Михаил Соколов: Если говорить, что для жителей города, для них, что самое главное может получиться из вашей победы или из победы независимых кандидатов хорошее, не обещалка, а что-то реальное?
Евгений Ройзман: Очень важно, чтобы был кто-то, кто мог заступаться перед жителями, перед властью. Потому что от власти есть что-то хорошее, есть обязательное, а есть несправедливость, и кто-то должен уметь заступаться.
Михаил Соколов: То есть вы хотите народным заступником быть?
Евгений Ройзман: В принципе, депутаты это могут. Те депутаты, которые не боятся работать, я думаю, это одна из основных функций.
Михаил Соколов: То есть для вас важна роль заступника в нынешней системе?
Евгений Ройзман: Так получилось, что в последние годы ко мне идут, когда уже идти некуда. Так как я работал депутатом, у меня только за 2007 год прошло через личный прием 11 тысяч человек.
Но я сам заложник этой ситуации, потому что я не могу отказывать людям. Все знают эту ситуацию по Сагре, когда именно фонд "Город без наркотиков" вступился, чтобы местных мужиков не посадили, в конце концов начали искать бандитов. Потому что местные не убегут никуда, а бандитов еще искать надо.
Кстати, именно по этой причине в крепостной России всю жизнь отыгрывались на крестьянах, и рекруты всегда были крестьяне, и недоимки, и налоги взимали с крестьян, потому что ему бежать некуда.
Михаил Соколов: С Дона выдачи нет, как мы помним, и Сибирь была большая, туда и бежали.
Евгений Ройзман: А куда ты от своей семьи сбежишь?
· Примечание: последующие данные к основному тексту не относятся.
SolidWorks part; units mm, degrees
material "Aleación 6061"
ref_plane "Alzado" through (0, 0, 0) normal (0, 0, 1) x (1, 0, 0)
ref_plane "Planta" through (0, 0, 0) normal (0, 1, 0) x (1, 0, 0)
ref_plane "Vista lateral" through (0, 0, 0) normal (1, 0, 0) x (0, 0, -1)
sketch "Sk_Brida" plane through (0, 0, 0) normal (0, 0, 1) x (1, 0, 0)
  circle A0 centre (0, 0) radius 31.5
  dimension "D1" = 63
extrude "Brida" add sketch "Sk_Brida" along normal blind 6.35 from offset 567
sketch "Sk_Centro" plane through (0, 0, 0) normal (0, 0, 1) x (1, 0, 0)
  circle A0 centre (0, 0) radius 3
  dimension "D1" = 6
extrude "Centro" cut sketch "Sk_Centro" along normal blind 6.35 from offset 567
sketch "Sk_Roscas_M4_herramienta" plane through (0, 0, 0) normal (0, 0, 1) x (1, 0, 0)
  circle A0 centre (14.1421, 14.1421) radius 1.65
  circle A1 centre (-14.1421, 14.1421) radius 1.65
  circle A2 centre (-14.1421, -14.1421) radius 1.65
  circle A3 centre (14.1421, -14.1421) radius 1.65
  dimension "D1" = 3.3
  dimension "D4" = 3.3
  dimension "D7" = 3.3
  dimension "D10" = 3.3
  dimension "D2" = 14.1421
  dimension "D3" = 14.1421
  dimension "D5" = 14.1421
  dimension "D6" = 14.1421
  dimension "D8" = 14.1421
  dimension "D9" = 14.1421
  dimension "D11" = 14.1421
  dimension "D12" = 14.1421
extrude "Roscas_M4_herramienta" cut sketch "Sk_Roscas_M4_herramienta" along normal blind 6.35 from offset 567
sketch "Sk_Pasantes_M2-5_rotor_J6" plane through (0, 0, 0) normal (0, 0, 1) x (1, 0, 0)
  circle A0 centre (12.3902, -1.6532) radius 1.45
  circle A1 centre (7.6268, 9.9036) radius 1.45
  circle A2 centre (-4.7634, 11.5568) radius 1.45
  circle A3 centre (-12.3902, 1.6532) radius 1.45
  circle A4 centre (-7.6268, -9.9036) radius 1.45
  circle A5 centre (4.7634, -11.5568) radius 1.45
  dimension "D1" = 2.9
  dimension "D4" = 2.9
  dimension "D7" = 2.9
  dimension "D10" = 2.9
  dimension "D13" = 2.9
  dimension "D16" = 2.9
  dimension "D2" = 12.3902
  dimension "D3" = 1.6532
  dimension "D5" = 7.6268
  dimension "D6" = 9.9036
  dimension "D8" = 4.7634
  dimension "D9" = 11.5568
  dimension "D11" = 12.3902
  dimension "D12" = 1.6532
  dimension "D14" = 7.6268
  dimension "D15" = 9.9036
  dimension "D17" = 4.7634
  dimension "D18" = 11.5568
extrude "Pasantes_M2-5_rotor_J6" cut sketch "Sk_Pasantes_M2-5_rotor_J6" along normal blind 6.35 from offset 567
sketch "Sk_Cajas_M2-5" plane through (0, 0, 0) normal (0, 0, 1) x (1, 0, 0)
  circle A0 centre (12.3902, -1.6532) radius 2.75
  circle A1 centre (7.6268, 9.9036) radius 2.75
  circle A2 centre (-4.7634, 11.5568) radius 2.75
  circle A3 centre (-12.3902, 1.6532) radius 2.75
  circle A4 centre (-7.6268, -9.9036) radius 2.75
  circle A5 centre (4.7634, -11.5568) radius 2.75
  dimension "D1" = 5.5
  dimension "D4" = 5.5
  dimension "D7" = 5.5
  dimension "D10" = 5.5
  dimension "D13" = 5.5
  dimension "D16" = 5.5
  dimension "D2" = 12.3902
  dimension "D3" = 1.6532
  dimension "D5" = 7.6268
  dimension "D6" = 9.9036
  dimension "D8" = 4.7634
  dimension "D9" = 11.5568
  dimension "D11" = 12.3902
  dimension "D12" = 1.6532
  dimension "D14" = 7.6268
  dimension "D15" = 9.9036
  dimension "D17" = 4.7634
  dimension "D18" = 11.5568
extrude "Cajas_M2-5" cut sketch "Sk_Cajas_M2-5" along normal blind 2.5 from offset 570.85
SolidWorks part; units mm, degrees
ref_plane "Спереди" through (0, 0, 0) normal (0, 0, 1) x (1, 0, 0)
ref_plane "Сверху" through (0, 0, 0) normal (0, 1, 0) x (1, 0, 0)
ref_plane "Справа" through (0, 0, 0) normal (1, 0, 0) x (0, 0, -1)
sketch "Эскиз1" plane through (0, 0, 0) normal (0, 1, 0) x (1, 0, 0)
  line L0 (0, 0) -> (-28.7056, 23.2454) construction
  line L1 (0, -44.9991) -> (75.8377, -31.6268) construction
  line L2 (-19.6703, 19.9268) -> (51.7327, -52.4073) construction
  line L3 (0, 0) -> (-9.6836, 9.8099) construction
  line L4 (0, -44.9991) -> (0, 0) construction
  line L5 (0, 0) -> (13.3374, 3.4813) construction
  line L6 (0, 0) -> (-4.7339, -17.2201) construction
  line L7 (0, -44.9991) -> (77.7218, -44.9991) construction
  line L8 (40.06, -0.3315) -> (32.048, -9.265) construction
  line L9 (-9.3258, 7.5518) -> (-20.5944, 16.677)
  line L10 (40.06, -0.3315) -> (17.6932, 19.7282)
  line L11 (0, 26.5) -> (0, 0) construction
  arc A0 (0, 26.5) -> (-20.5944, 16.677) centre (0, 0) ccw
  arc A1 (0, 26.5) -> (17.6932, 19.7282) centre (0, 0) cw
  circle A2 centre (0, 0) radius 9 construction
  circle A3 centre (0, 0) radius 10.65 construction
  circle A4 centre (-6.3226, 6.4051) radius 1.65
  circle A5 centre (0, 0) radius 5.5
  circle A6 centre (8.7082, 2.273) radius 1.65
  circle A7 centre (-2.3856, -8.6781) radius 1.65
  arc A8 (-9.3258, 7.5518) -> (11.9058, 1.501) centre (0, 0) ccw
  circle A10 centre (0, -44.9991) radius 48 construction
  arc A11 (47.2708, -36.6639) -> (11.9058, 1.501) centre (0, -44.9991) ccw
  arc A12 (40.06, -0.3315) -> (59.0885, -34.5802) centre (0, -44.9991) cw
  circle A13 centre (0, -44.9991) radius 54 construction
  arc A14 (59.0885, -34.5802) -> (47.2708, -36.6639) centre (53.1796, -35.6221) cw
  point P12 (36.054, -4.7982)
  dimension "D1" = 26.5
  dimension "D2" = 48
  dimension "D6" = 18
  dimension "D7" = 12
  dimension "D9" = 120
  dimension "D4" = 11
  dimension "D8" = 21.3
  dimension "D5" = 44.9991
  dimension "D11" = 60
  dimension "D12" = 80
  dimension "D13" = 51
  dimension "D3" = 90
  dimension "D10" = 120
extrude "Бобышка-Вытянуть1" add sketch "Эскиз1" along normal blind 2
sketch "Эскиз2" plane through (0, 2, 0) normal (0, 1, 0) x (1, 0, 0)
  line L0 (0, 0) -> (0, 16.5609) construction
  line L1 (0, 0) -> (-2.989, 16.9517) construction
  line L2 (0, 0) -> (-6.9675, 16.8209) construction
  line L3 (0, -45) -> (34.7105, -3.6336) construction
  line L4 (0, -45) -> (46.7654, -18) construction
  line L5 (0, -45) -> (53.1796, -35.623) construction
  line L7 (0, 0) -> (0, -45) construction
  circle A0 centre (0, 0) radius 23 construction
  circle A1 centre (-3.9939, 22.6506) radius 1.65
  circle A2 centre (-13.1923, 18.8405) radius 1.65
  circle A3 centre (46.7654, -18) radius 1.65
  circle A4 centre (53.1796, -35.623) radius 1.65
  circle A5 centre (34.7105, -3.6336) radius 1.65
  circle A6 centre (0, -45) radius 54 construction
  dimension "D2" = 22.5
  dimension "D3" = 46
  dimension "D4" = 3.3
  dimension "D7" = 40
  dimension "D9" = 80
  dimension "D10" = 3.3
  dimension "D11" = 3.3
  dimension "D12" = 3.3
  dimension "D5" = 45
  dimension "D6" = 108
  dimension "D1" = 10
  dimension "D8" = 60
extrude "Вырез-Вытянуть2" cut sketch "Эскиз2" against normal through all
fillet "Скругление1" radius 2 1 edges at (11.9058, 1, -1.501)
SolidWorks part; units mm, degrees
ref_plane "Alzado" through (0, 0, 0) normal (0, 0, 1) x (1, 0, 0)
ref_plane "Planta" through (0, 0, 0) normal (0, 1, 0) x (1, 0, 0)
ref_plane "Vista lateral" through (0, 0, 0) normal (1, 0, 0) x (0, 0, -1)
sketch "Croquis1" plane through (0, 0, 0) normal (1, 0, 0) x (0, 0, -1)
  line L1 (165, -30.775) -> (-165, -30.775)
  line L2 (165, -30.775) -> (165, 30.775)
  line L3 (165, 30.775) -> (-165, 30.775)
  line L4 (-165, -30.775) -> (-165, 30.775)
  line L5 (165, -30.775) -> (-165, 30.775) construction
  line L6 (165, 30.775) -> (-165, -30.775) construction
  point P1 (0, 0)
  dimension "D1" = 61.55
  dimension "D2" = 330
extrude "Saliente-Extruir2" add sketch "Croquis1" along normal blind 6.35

Михаил Соколов: И сейчас бегут, я бы заметил.
Евгений, вы не боитесь, что, предположим, вы победите, и случится та же самая история, которая случилась недавно с вашим коллегой по партии господином Урлашовым в Ярославле, который сидит под следствием, и с многими мэрами. В России уже десятки оппозиционных или относительно оппозиционных мэров тут же сели по разным хозяйственным делам?
Евгений Ройзман: Единороссов сидит вообще сто миллионов тысяч человек.
Михаил Соколов: Я понимаю, что единороссов сидит много, но тем не менее ситуация такая, что 8 из 10 оппозиционных мэров вылетают.
Евгений Ройзман: Вы мне задали вопрос. Я не боюсь. Во-первых, бояться стыдно и жить в страхе в своей собственной стране как-то недостойное состояние – это ненормально.
Если у тебя страх, собирай своих детей, пожилых родителей и надо бежать из страны. У меня страха нет.
У меня базируется на том, что я не сделал ничего плохого, и это я знаю точно, что я не сделал ничего плохого. Поэтому я буду сопротивляться, я буду стоять, и я не боюсь.